I like maybe Rick maybe? thought only a couple of the quadrants represented operant conditioning. 

Before I chose the quadrants that dominate my training now I used to train in the eighties with some form of compulsion and very little food, mainly praise as reward although I only used flat collars. I would physically encourage my dog into a sit etc and they were great dogs and were as 100% reliable as any dog could ever be in any situation and happy and I had some great times with them. 

My mum who has had cattle dogs for years still trains that way and her dogs are very well behaved. I have shown her how to use treats and she has incorporated them into some of her training especially with a timid rescue she currently has.
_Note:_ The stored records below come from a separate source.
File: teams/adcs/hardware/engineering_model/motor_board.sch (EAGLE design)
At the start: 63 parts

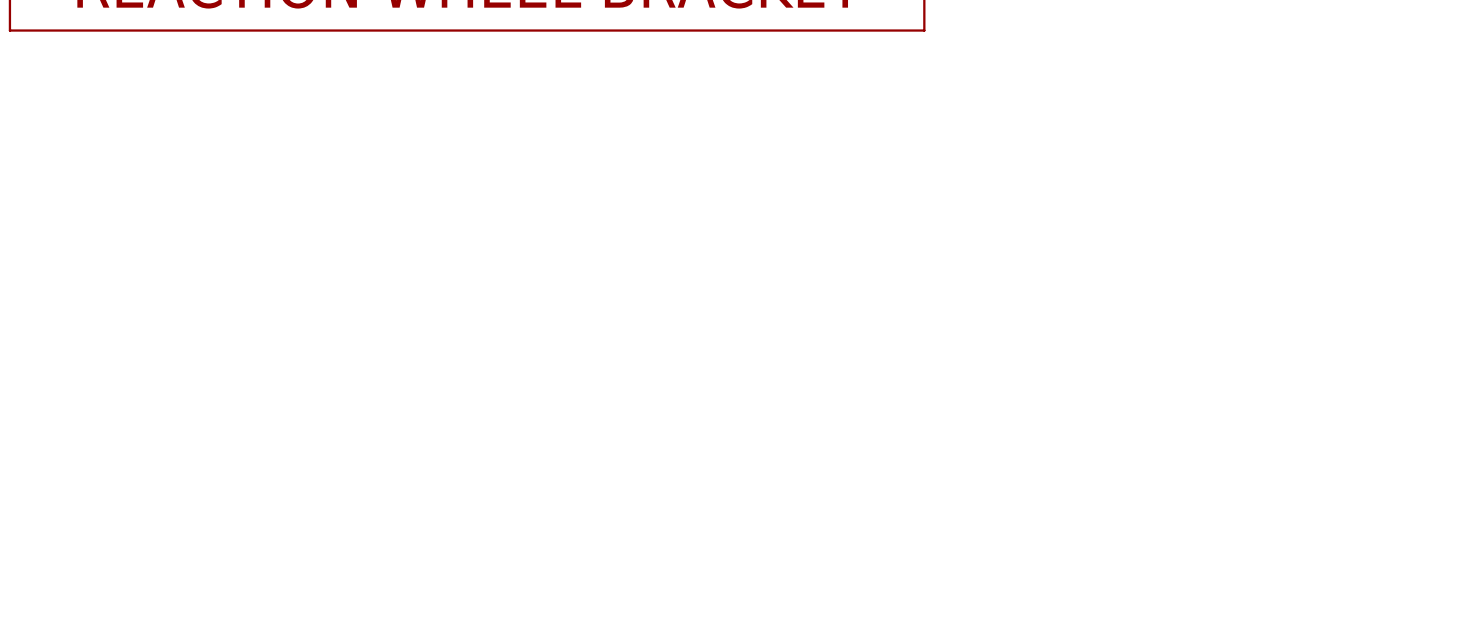
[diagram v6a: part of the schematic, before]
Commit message: ADCS/RW: Added LDOs for microcontrollers
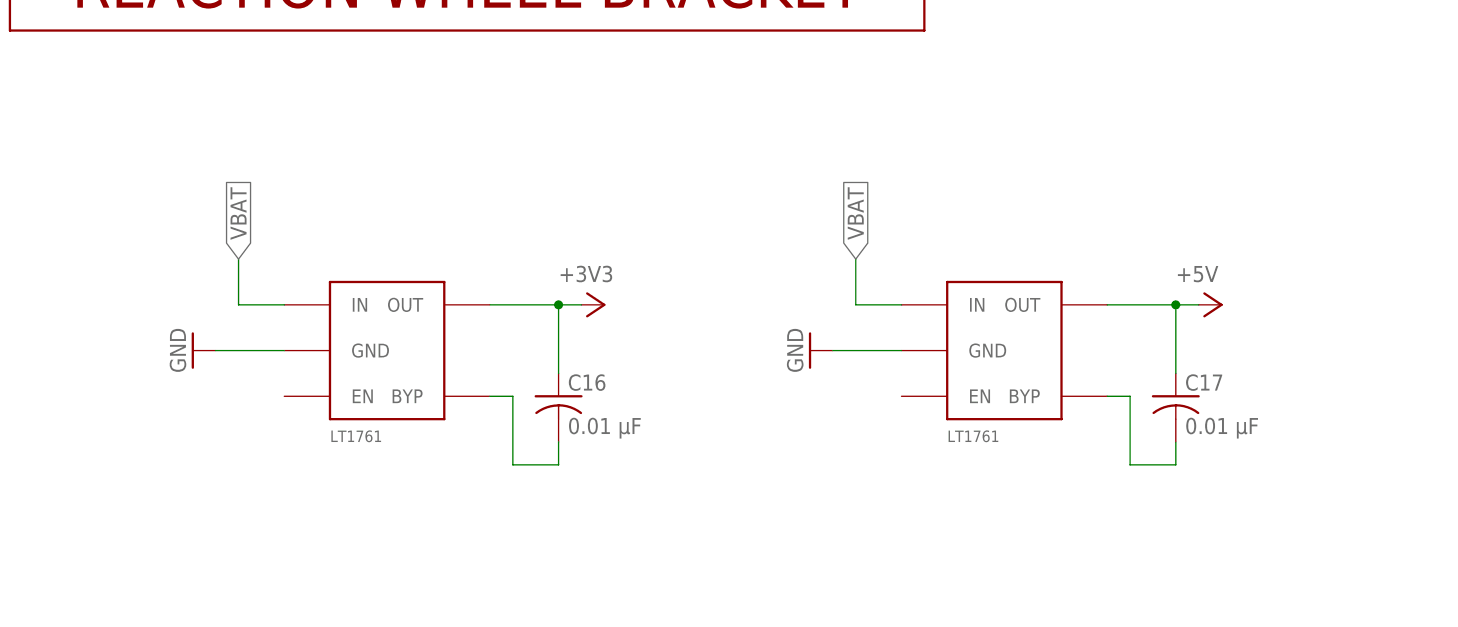
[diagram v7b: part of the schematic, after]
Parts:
- added C16, C17: 0.01 μF, rcl:C-USC0805
- added LDO_3V3, LDO_5V: LINEAR_LDO_LT1761-X, DubSat1 Components:LINEAR_LDO_LT1761-X
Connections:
- new net N$13: C17.2, LDO_5V.BYP
- new net N$14: C16.2, LDO_3V3.BYP
- net +3V3: now also C16.1, LDO_3V3.OUT
- net +5V: now also C17.1, LDO_5V.OUT
- net GND: now also LDO_3V3.GND, LDO_5V.GND
- net VBAT: now also LDO_3V3.IN, LDO_5V.IN
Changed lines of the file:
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@@
 <part name="SERIAL_X" library="SparkFun-Connectors" deviceset="CONN_03" device="LOCK"/>
 <part name="GND37" library="supply1" library_urn="urn:adsk.eagle:library:371" deviceset="GND" device=""/>
+<part name="LDO_3V3" library="DubSat1 Components" deviceset="LINEAR_LDO_LT1761-X" device=""/>
+<part name="LDO_5V" library="DubSat1 Components" deviceset="LINEAR_LDO_LT1761-X" device=""/>
+<part name="GND38" library="supply1" library_urn="urn:adsk.eagle:library:371" deviceset="GND" device=""/>
+<part name="GND39" library="supply1" library_urn="urn:adsk.eagle:library:371" deviceset="GND" device=""/>
+<part name="+3V4" library="supply1" library_urn="urn:adsk.eagle:library:371" deviceset="+3V3" device=""/>
+<part name="P+4" library="supply1" library_urn="urn:adsk.eagle:library:371" deviceset="+5V" device=""/>
+<part name="C16" library="rcl" library_urn="urn:adsk.eagle:library:334" deviceset="C-US" device="C0805" package3d_urn="urn:adsk.eagle:package:23617/2" value="0.01 μF"/>
+<part name="C17" library="rcl" library_urn="urn:adsk.eagle:library:334" deviceset="C-US" device="C0805" package3d_urn="urn:adsk.eagle:package:23617/2" value="0.01 μF"/>
 </parts>
 <sheets>
@@
 <instance part="SERIAL_X" gate="J$1" x="17.78" y="-129.54"/>
 <instance part="GND37" gate="1" x="35.56" y="-124.46" rot="R90"/>
+<instance part="LDO_3V3" gate="G$1" x="147.32" y="30.48"/>
+<instance part="LDO_5V" gate="G$1" x="215.9" y="30.48"/>
+<instance part="GND38" gate="1" x="193.04" y="30.48" rot="R270"/>
+<instance part="GND39" gate="1" x="124.46" y="30.48" rot="R270"/>
+<instance part="+3V4" gate="G$1" x="170.18" y="35.56" rot="R270"/>
+<instance part="P+4" gate="1" x="238.76" y="35.56" rot="R270"/>
+<instance part="C16" gate="G$1" x="165.1" y="25.4"/>
+<instance part="C17" gate="G$1" x="233.68" y="25.4"/>
 </instances>
 <busses>
@@
 <pinref part="GND37" gate="1" pin="GND"/>
 </segment>
+<segment>
+<pinref part="GND39" gate="1" pin="GND"/>
+<pinref part="LDO_3V3" gate="G$1" pin="GND"/>
+<wire x1="127" y1="30.48" x2="134.62" y2="30.48" width="0.1524" layer="91"/>
+</segment>
+<segment>
+<pinref part="GND38" gate="1" pin="GND"/>
+<pinref part="LDO_5V" gate="G$1" pin="GND"/>
+<wire x1="195.58" y1="30.48" x2="203.2" y2="30.48" width="0.1524" layer="91"/>
+</segment>
 </net>
 <net name="CANH" class="0">
@@
 <wire x1="38.1" y1="25.4" x2="33.02" y2="25.4" width="0.1524" layer="91"/>
 <label x="33.02" y="25.4" size="1.778" layer="95" rot="R180" xref="yes"/>
+</segment>
+<segment>
+<pinref part="LDO_3V3" gate="G$1" pin="IN"/>
+<wire x1="134.62" y1="35.56" x2="129.54" y2="35.56" width="0.1524" layer="91"/>
+<wire x1="129.54" y1="35.56" x2="129.54" y2="40.64" width="0.1524" layer="91"/>
+<label x="129.54" y="40.64" size="1.778" layer="95" rot="R90" xref="yes"/>
+</segment>
+<segment>
+<pinref part="LDO_5V" gate="G$1" pin="IN"/>
+<wire x1="203.2" y1="35.56" x2="198.12" y2="35.56" width="0.1524" layer="91"/>
+<wire x1="198.12" y1="35.56" x2="198.12" y2="40.64" width="0.1524" layer="91"/>
+<label x="198.12" y="40.64" size="1.778" layer="95" rot="R90" xref="yes"/>
 </segment>
 </net>
@@
 <junction x="261.62" y="-45.72"/>
 </segment>
+<segment>
+<pinref part="LDO_3V3" gate="G$1" pin="OUT"/>
+<pinref part="+3V4" gate="G$1" pin="+3V3"/>
+<wire x1="157.48" y1="35.56" x2="165.1" y2="35.56" width="0.1524" layer="91"/>
+<pinref part="C16" gate="G$1" pin="1"/>
+<wire x1="165.1" y1="35.56" x2="167.64" y2="35.56" width="0.1524" layer="91"/>
+<wire x1="165.1" y1="27.94" x2="165.1" y2="35.56" width="0.1524" layer="91"/>
+<junction x="165.1" y="35.56"/>
+</segment>
 </net>
 <net name="+5V" class="0">
@@
 <pinref part="P+3" gate="1" pin="+5V"/>
 <wire x1="266.7" y1="-38.1" x2="246.38" y2="-38.1" width="0.1524" layer="91"/>
+</segment>
+<segment>
+<pinref part="LDO_5V" gate="G$1" pin="OUT"/>
+<pinref part="P+4" gate="1" pin="+5V"/>
+<wire x1="226.06" y1="35.56" x2="233.68" y2="35.56" width="0.1524" layer="91"/>
+<pinref part="C17" gate="G$1" pin="1"/>
+<wire x1="233.68" y1="35.56" x2="236.22" y2="35.56" width="0.1524" layer="91"/>
+<wire x1="233.68" y1="27.94" x2="233.68" y2="35.56" width="0.1524" layer="91"/>
+<junction x="233.68" y="35.56"/>
 </segment>
 </net>
@@
 </segment>
 </net>
+<net name="N$13" class="0">
+<segment>
+<pinref part="LDO_5V" gate="G$1" pin="BYP"/>
+<wire x1="226.06" y1="25.4" x2="228.6" y2="25.4" width="0.1524" layer="91"/>
+<wire x1="228.6" y1="25.4" x2="228.6" y2="17.78" width="0.1524" layer="91"/>
+<pinref part="C17" gate="G$1" pin="2"/>
+<wire x1="228.6" y1="17.78" x2="233.68" y2="17.78" width="0.1524" layer="91"/>
+<wire x1="233.68" y1="17.78" x2="233.68" y2="20.32" width="0.1524" layer="91"/>
+</segment>
+</net>
+<net name="N$14" class="0">
+<segment>
+<pinref part="LDO_3V3" gate="G$1" pin="BYP"/>
+<wire x1="157.48" y1="25.4" x2="160.02" y2="25.4" width="0.1524" layer="91"/>
+<wire x1="160.02" y1="25.4" x2="160.02" y2="17.78" width="0.1524" layer="91"/>
+<pinref part="C16" gate="G$1" pin="2"/>
+<wire x1="160.02" y1="17.78" x2="165.1" y2="17.78" width="0.1524" layer="91"/>
+<wire x1="165.1" y1="17.78" x2="165.1" y2="20.32" width="0.1524" layer="91"/>
+</segment>
+</net>

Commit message: ADCS/RW: Routed everything but SEPIC
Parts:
- removed C10, C8: 1uF, rcl:C-USC1206
- removed C6: 2.2uF, rcl:C-USC1206
- removed C7, C9: 0.1uF, rcl:C-USC0805
- removed CMTMODY: 0_OHM_JUMPER, DubSat1 Components:0_OHM_JUMPER
- removed R10, R11, R16, R9: 3.3K, rcl:R-US_R0805
- removed R12, R13, R14: 10K, rcl:R-US_R0805
- removed R15: (no value), rcl:R-US_R0805
- removed U$5, U$8: MSP-CAN_BLOCK, DubSat1 Components:MSP-CAN_BLOCK
- removed U$6: PROGRAM/DEBUG_PORT, DubSat1 Components:PROGRAM/DEBUG_PORT
- added C18: 2.2uF, rcl:C-USC1206
- added C19, C21: 0.1uF, rcl:C-USC0805
- added C20, C22: 1uF, rcl:C-USC1206
- added CMTMOD_Y: 0_OHM_JUMPER, DubSat1 Components:0_OHM_JUMPER
- added R25, R26, R27, R32: 3.3K, rcl:R-US_R0805
- added R28, R29, R30: 10K, rcl:R-US_R0805
- added R31: (no value), rcl:R-US_R0805
- added U$12, U$15: DRV10970, DubSat1 Components:DRV10970
- added U$14: PROGRAM/DEBUG_PORT, DubSat1 Components:PROGRAM/DEBUG_PORT
- U$10, U$13: value DRV10970 -> MSP-CAN_BLOCK; device DubSat1 Components:DRV10970 -> DubSat1 Components:MSP-CAN_BLOCK
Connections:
- net N$1 renamed SBWTCK_X
- net N$2 renamed SBWTDIO_X
- net N$3 renamed TXD_X
- net N$4 renamed RXD_X
- net N$5 renamed GPIO_DEBUG_3.4_X
- net N$6 renamed GPIO_DEBUG_3.5_X
- removed net FG: U$8.P7.4_GPIO
- removed net FR: U$8.P7.3_GPIO
- removed net N$10: U$5.P2.1_RXD, U$6.P2.1_RXD
- removed net N$11: U$5.P3.4_GPIO_DEBUG, U$6.P3.4_GPIO_DEBUG
- removed net N$12: U$5.P3.5_GPIO_DEBUG, U$6.P3.5_GPIO_DEBUG
- removed net N$63: U$11.SBWTCK, U$8.SBWTCK
- removed net N$64: U$11.SBWTDIO, U$8.SBWTDIO
- removed net N$65: U$11.P2.0_TXD, U$8.P2.0_TXD
- removed net N$66: U$11.P2.1_RXD, U$8.P2.1_RXD
- removed net N$67: U$11.P3.4_GPIO_DEBUG, U$8.P3.4_GPIO_DEBUG
- removed net N$68: U$11.P3.5_GPIO_DEBUG, U$8.P3.5_GPIO_DEBUG
- removed net N$7: U$5.SBWTCK, U$6.SBWTCK
- removed net N$8: U$5.SBWTDIO, U$6.SBWTDIO
- removed net N$9: U$5.P2.0_TXD, U$6.P2.0_TXD
- removed net PWM: U$8.P1.7_GPIO/PWM
- removed net RD: U$8.P4.0_GPIO
- removed net RETRY_Z_Y: C11.1, U$13.RETRY
- removed net V1_Z: MOTOR_Z.P$2, U$10.V
- removed net VM_Z: C10.2, U$10.VM
- new net GPIO_DEBUG_3.4_Y: U$10.P3.4_GPIO_DEBUG, U$11.P3.4_GPIO_DEBUG
- new net GPIO_DEBUG_3.4_Z: U$13.P3.4_GPIO_DEBUG, U$14.P3.4_GPIO_DEBUG
- new net GPIO_DEBUG_3.5_Y: U$10.P3.5_GPIO_DEBUG, U$11.P3.5_GPIO_DEBUG
- new net GPIO_DEBUG_3.5_Z: U$13.P3.5_GPIO_DEBUG, U$14.P3.5_GPIO_DEBUG
- new net RETRY_Y: C11.1, U$12.RETRY
- new net RXD_Y: U$10.P2.1_RXD, U$11.P2.1_RXD
- new net RXD_Z: U$13.P2.1_RXD, U$14.P2.1_RXD
- new net SBWTCK_Y: U$10.SBWTCK, U$11.SBWTCK
- new net SBWTCK_Z: U$13.SBWTCK, U$14.SBWTCK
- new net SBWTDIO_Y: U$10.SBWTDIO, U$11.SBWTDIO
- new net SBWTDIO_Z: U$13.SBWTDIO, U$14.SBWTDIO
- new net TXD_Y: U$10.P2.0_TXD, U$11.P2.0_TXD
- new net TXD_Z: U$13.P2.0_TXD, U$14.P2.0_TXD
- new net V_Z: MOTOR_Z.P$2, U$15.V
- net +3V3: now also U$10.3.3V_CAN@1, U$10.3.3V_CAN@2, U$10.3.3V_MSP-ANALOG@1, U$10.3.3V_MSP@2, U$10.3.3V_MSP@3, U$13.3.3V_CAN@1, U$13.3.3V_CAN@2, U$13.3.3V_MSP-ANALOG@1, U$13.3.3V_MSP@2, U$13.3.3V_MSP@3
- net +5V: now also U$10.5V_CAN, U$13.5V_CAN
- net BRKMOD_X: now also U$3.P4.3_GPIO
- net BRKMOD_Y: now also U$10.P4.3_GPIO, U$12.BRKMOD; no longer U$13.BRKMOD
- net BRKMOD_Z: now also U$13.P4.3_GPIO, U$15.BRKMOD; no longer U$10.BRKMOD
- net CANH: now also U$10.CANH, U$13.CANH; no longer U$5.CANH, U$8.CANH
- net CANL: now also U$10.CANL, U$13.CANL; no longer U$5.CANL, U$8.CANL
- net CMTMOD_Y: now also CMTMOD_Y.SIG, U$12.CMTMOD; no longer CMTMODY.SIG, U$13.CMTMOD
- net CMTMOD_Z: now also U$15.CMTMOD; no longer U$10.CMTMOD
- net CPN_Y: now also U$12.CPN; no longer U$13.CPN
- net CPN_Z: now also C19.1, U$15.CPN; no longer C7.1, U$10.CPN
- net CPP_Y: now also U$12.CPP; no longer U$13.CPP
- net CPP_Z: now also C19.2, U$15.CPP; no longer C7.2, U$10.CPP
- net CS_Y: now also U$12.CS; no longer U$13.CS
- net CS_Z: now also R31.2, U$15.CS; no longer R15.2, U$10.CS
- net DAA_Y: now also U$12.DAA; no longer U$13.DAA
- net DAA_Z: now also U$15.DAA; no longer U$10.DAA
- net FG_Y: now also U$10.P7.4_GPIO, U$12.FG; no longer U$13.FG, U$5.P7.4_GPIO
- net FG_Z: now also R32.2, U$13.P7.4_GPIO, U$15.FG; no longer R16.2, U$10.FG
- net FR_Y: now also U$10.P7.3_GPIO, U$12.FR; no longer U$13.FR, U$5.P7.3_GPIO
- net FR_Z: now also U$13.P7.3_GPIO, U$15.FR; no longer U$10.FR
- net GND: now also C18.2, C20.1, C21.1, C22.1, CMTMOD_Y.GND, R26.1, R31.1, U$12.GND, U$14.GND@1, U$14.GND@2, U$15.GND; no longer C10.1, C6.2, C8.1, C9.1, CMTMODY.GND, R10.1, R15.1, U$5.GND, U$6.GND@1, U$6.GND@2, U$8.GND
- net HN_Y: now also U$12.U_HN, U$12.V_HN, U$12.W_HN; no longer U$13.U_HN, U$13.V_HN, U$13.W_HN
- net HN_Z: now also R26.2, R27.1, U$15.U_HN, U$15.V_HN, U$15.W_HN; no longer R10.2, R11.1, U$10.U_HN, U$10.V_HN, U$10.W_HN
- net HP_U_Y: now also U$12.U_HP; no longer U$13.U_HP
- net HP_U_Z: now also R28.2, U$15.U_HP; no longer R12.2, U$10.U_HP
- net HP_V_Y: now also U$12.V_HP; no longer U$13.V_HP
- net HP_V_Z: now also R29.2, U$15.V_HP; no longer R13.2, U$10.V_HP
- net HP_W_Y: now also U$12.W_HP; no longer U$13.W_HP
- net HP_W_Z: now also R30.2, U$15.W_HP; no longer R14.2, U$10.W_HP
- net M_Y_RX: now also U$10.P2.6_GPIO/PWM; no longer U$5.P2.6_GPIO/PWM
- net M_Y_TX: now also U$10.P2.5_GPIO; no longer U$5.P2.5_GPIO
- net M_Z_RX: now also U$13.P2.6_GPIO/PWM; no longer U$8.P2.6_GPIO/PWM
- net M_Z_TX: now also U$13.P2.5_GPIO; no longer U$8.P2.5_GPIO
- net PWM_Y: now also U$10.P1.7_GPIO/PWM, U$12.PWM; no longer U$13.PWM, U$5.P1.7_GPIO/PWM
- net PWM_Z: now also U$13.P1.7_GPIO/PWM, U$15.PWM; no longer U$10.PWM
- net RD_Y: now also U$10.P4.0_GPIO, U$12.RD; no longer U$13.RD, U$5.P4.0_GPIO
- net RD_Z: now also R25.1, U$13.P4.0_GPIO, U$15.RD; no longer R9.1, U$10.RD
- net RETRY_Z: now also C18.1, U$15.RETRY; no longer C6.1, U$10.RETRY
- net SYNC1: now also U$10.P7.2_SYNC1, U$13.P7.2_SYNC1; no longer U$5.P7.2_SYNC1, U$8.P7.2_SYNC1
- net SYNC2: now also U$10.PJ.3_SYNC2, U$13.PJ.3_SYNC2; no longer U$5.PJ.3_SYNC2, U$8.PJ.3_SYNC2
- net U_Y: now also U$12.U; no longer U$13.U
- net U_Z: now also U$15.U; no longer U$10.U
- net VCP_Y: now also U$12.VCP; no longer U$13.VCP
- net VCP_Z: now also C20.2, U$15.VCP; no longer C8.2, U$10.VCP
- net VINT_Y: now also CMTMOD_Y.VCC, U$12.VINT; no longer CMTMODY.VCC, U$13.VINT
- net VINT_Z: now also C21.2, R25.2, R27.2, R28.1, R29.1, R30.1, R32.1, U$15.VINT; no longer C9.2, R11.2, R12.1, R13.1, R14.1, R16.1, R9.2, U$10.VINT
- net VM: now also C22.2, U$12.VM, U$15.VM; no longer U$13.VM
- net V_Y: now also U$12.V; no longer U$13.V
- net W_Y: now also U$12.W; no longer U$13.W
- net W_Z: now also U$15.W; no longer U$10.W
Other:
- moved on the sheet: C1, C11, C12, C13, C14, C15, C2, C3, C4, C5, CMTMOD_X, CMTMOD_Z

I made the switch when a very difficult rescue I had was not responding and I had to become a lot more familiar with all the options and just prefer using the quadrants I primarily use now.

Rescues can often make you re evaluate things.


----------



## Nicole Stark (Jul 22, 2009)

Bob Scott said:


> :-k Is that a good thing or a bad thing? :lol:


Its a great thing. I got to laugh and Joby got to get his apron out again. Seriously though, I thought it was pretty cool that he was curious enough to give it a shot.


----------



## Joby Becker (Dec 13, 2009)

Terrasita Cuffie said:


> But is there any rhyme or reason process of how you use those quandrants to train the task or do you use them all at once? No one was saying that OC was R+ or that you should only use R+. I would have thought anyone has seen enough of Rick's post to know that he's not married necessarily to just one quadrant. This is a dog in a rescue context who is hopefully going to be able to be placed. You are rehabbing the dog so that he can be placed and aggression is not an issue. If you can't rewire the dog's thinking, then the foster ends up keeping him or the rescue may say he's too risky and put him down. That's the way it goes around here. You're trying to give a new owner something they can utilize and hopefully change the dog enough so that its not an issue.
> 
> T


I have seen lots of Ricks posts, in many of those he talks about using OC over correction, escape training and compulsion, which just does not make any sense to me since those things are all part of OC. that is the point I was making here. Me and Rick do not see eye to eye on some things, we converse privately on occasion and do agree though on occasion, we just have different approaches to some things concerning reahabbing of dogs.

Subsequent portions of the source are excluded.